### TASK STATEMENT
Find every line in the entries that holds the string "blind" and report it.

### Items listed in a dataset
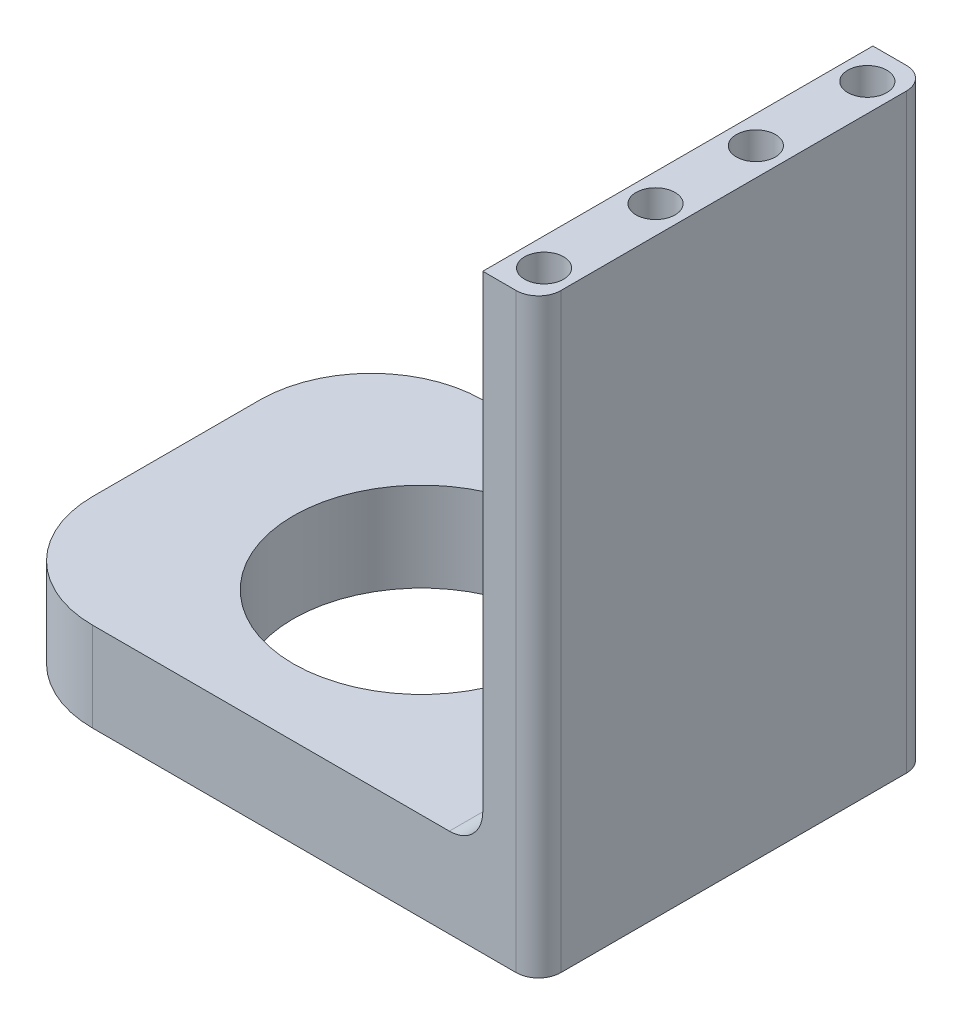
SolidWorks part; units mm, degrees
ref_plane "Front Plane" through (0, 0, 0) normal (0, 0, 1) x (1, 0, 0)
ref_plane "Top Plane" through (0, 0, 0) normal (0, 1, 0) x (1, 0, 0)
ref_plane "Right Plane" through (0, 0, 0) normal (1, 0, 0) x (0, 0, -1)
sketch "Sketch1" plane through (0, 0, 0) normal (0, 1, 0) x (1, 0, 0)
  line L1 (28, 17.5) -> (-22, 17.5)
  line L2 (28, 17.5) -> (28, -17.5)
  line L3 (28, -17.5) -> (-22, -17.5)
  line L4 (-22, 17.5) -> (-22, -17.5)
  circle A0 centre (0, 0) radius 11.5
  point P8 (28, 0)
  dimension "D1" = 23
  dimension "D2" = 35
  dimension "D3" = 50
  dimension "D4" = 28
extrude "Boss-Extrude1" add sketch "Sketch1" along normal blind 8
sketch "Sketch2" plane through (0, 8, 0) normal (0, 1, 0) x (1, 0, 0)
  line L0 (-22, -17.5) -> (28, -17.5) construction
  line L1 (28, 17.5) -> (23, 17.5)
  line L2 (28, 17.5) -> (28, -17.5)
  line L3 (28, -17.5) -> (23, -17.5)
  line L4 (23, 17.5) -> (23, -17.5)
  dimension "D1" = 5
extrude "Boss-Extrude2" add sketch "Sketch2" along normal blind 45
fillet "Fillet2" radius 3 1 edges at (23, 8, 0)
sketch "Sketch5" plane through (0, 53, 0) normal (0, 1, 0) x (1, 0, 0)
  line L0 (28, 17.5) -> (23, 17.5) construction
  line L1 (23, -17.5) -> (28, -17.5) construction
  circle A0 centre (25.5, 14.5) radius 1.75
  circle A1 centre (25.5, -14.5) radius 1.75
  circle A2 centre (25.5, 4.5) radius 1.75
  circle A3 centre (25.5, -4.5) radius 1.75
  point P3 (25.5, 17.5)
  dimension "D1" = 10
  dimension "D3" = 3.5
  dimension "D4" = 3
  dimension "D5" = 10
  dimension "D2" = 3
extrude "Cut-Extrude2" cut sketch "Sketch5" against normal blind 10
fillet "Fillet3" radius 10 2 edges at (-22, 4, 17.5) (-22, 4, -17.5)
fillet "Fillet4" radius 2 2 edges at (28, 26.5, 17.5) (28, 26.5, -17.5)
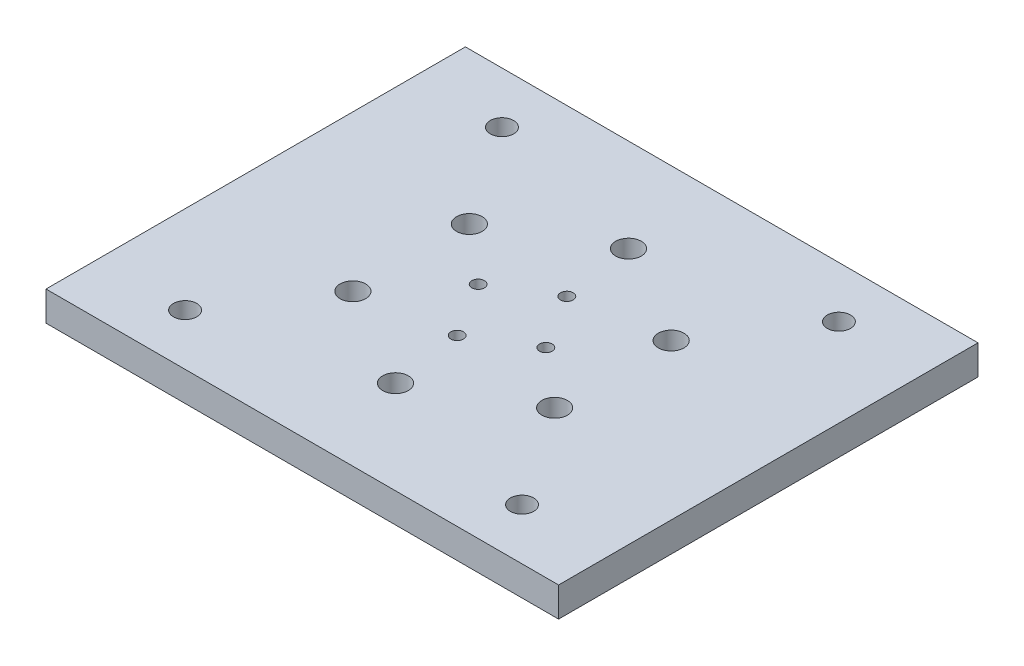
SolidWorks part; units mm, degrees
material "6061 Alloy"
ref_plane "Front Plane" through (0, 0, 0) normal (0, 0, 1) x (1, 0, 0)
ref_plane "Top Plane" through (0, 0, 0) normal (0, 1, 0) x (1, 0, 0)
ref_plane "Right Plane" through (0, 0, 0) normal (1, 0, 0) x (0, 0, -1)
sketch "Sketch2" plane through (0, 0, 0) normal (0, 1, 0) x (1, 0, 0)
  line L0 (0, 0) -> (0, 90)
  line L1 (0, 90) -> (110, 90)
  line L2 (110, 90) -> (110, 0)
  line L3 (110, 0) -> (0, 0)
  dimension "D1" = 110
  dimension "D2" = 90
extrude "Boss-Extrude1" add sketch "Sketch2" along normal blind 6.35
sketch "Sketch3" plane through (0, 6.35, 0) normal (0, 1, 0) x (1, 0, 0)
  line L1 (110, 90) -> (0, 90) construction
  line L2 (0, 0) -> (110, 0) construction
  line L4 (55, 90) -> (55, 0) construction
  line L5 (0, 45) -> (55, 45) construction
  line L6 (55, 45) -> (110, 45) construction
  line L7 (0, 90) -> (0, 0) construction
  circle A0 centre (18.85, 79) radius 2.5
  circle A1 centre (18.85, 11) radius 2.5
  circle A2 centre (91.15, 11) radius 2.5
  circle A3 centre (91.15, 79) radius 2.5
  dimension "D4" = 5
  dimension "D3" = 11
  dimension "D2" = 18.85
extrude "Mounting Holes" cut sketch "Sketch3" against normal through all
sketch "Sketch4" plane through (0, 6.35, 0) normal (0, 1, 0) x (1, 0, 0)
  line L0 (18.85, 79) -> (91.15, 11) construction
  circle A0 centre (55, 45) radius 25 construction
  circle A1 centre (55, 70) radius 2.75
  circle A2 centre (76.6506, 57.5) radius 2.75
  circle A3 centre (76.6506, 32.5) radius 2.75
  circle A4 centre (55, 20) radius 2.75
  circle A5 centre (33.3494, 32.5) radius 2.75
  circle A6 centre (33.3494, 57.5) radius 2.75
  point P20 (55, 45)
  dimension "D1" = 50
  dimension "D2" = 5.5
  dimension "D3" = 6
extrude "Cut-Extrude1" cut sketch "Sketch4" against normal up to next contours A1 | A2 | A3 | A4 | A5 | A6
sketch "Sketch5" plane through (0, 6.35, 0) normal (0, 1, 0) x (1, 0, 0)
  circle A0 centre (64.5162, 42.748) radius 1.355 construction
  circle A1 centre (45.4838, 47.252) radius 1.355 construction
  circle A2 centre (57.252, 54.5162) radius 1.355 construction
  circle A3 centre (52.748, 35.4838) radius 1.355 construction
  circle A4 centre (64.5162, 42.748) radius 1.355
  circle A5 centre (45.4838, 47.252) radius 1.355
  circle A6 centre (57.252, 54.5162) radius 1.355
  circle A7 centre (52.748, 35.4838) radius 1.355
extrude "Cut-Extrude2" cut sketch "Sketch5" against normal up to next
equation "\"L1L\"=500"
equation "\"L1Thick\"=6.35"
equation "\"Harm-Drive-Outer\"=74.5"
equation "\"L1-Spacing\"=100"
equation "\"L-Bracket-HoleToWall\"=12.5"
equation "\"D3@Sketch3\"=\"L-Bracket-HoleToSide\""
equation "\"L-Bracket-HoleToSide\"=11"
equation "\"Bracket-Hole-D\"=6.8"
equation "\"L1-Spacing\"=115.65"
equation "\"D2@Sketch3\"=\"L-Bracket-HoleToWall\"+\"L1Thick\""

### RESPONSE AREA
extrude "Boss-Extrude1" add sketch "Sketch1" along normal blind 8
extrude "Boss-Extrude2" add sketch "Sketch2" along normal blind 45
extrude "Cut-Extrude2" cut sketch "Sketch5" against normal blind 10
extrude "Boss-Extrude1" add sketch "Sketch2" along normal blind 6.35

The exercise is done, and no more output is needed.